**TASK DETAILS**. Each line of the data below that contains "through" must be copied.

==========

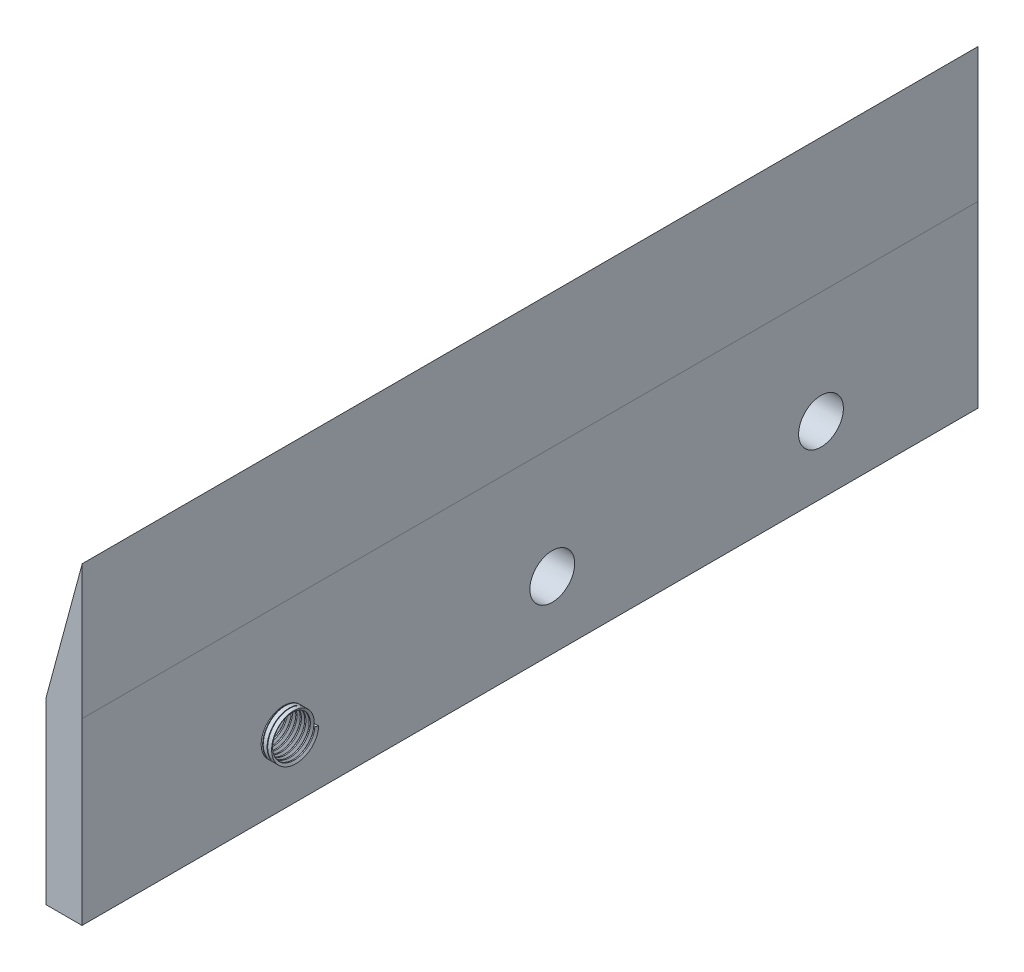
SolidWorks part; units mm, degrees
ref_plane "前基準面" through (0, 0, 0) normal (0, 0, 1) x (1, 0, 0)
ref_plane "上基準面" through (0, 0, 0) normal (0, 1, 0) x (1, 0, 0)
ref_plane "右基準面" through (0, 0, 0) normal (1, 0, 0) x (0, 0, -1)
sketch "草圖1" plane through (0, 0, 0) normal (0, 0, 1) x (1, 0, 0)
  line L0 (206.6624, 1001.1769) -> (198.624, 1001.1769)
  line L1 (198.624, 1001.1769) -> (198.624, 1041.1769)
  line L4 (206.7148, 1071.1628) -> (198.624, 1041.1769) construction
  line L5 (206.7148, 1071.1628) -> (198.624, 1041.1769)
  line L6 (206.7148, 1071.1628) -> (206.6624, 1041.1629) construction
  line L7 (206.7148, 1071.1628) -> (206.6624, 1041.1629)
  line L8 (206.6624, 1041.1629) -> (206.6624, 1001.1769)
  dimension "D1" = 40
  dimension "D2" = 30
  dimension "D3" = 8.0385
extrude "填料-伸長1" add sketch "草圖1" along normal blind 200
ref_plane "平面1" through (198.624, 0, 0) normal (1, 0, 0) x (0, 0, -1)
sketch "草圖2" plane through (198.624, 0, 0) normal (1, 0, 0) x (0, 0, -1)
  line L0 (-200, 1001.1769) -> (0, 1001.1769) construction
  line L1 (0, 1041.1769) -> (0, 1001.1769) construction
  circle A0 centre (-155, 1016.1769) radius 5
  circle A1 centre (-95, 1016.1769) radius 5
  circle A2 centre (-35, 1016.1769) radius 5
  dimension "D1" = 10
  dimension "D2" = 10
  dimension "D3" = 10
  dimension "D4" = 60
  dimension "D5" = 60
  dimension "D6" = 35
  dimension "D7" = 15
extrude "除料-伸長1" cut sketch "草圖2" along normal through all
thread "螺紋1" pitch 1 method extrude profile "螺紋輪廓1" start angle 0, offset 0, length 10, pitch 1, diameter 10
ref_plane "平面2" through (198.624, 1016.1769, 150) normal (0, -1, 0) x (0, 0, -1)
sketch "螺紋輪廓1" plane through (198.624, 1016.1769, 150) normal (0, -1, 0) x (0, 0, -1)
  line L0 (0, 0) -> (0, 1) construction
  line L11 (0, 0) -> (0, 0.875)
  line L12 (0, 0.875) -> (-0.5413, 0.5625)
  line L13 (-0.5413, 0.5625) -> (-0.5413, 0.3125)
  line L15 (-0.5413, 0.3125) -> (0, 0)
  line L17 (-0.5413, 0.4375) -> (0, 0.4375) construction
  point P2 (0, 0)
  dimension "Pitch" = 1
  dimension "Profile_Angle" = 60
  dimension "Profile_Land" = 0.25
  dimension "Profile_Height" = 0.5413

==========

**SOLVED EXERCISE**.
ref_plane "前基準面" through (0, 0, 0) normal (0, 0, 1) x (1, 0, 0)
ref_plane "上基準面" through (0, 0, 0) normal (0, 1, 0) x (1, 0, 0)
ref_plane "右基準面" through (0, 0, 0) normal (1, 0, 0) x (0, 0, -1)
sketch "草圖1" plane through (0, 0, 0) normal (0, 0, 1) x (1, 0, 0)
ref_plane "平面1" through (198.624, 0, 0) normal (1, 0, 0) x (0, 0, -1)
sketch "草圖2" plane through (198.624, 0, 0) normal (1, 0, 0) x (0, 0, -1)
extrude "除料-伸長1" cut sketch "草圖2" along normal through all
ref_plane "平面2" through (198.624, 1016.1769, 150) normal (0, -1, 0) x (0, 0, -1)
sketch "螺紋輪廓1" plane through (198.624, 1016.1769, 150) normal (0, -1, 0) x (0, 0, -1)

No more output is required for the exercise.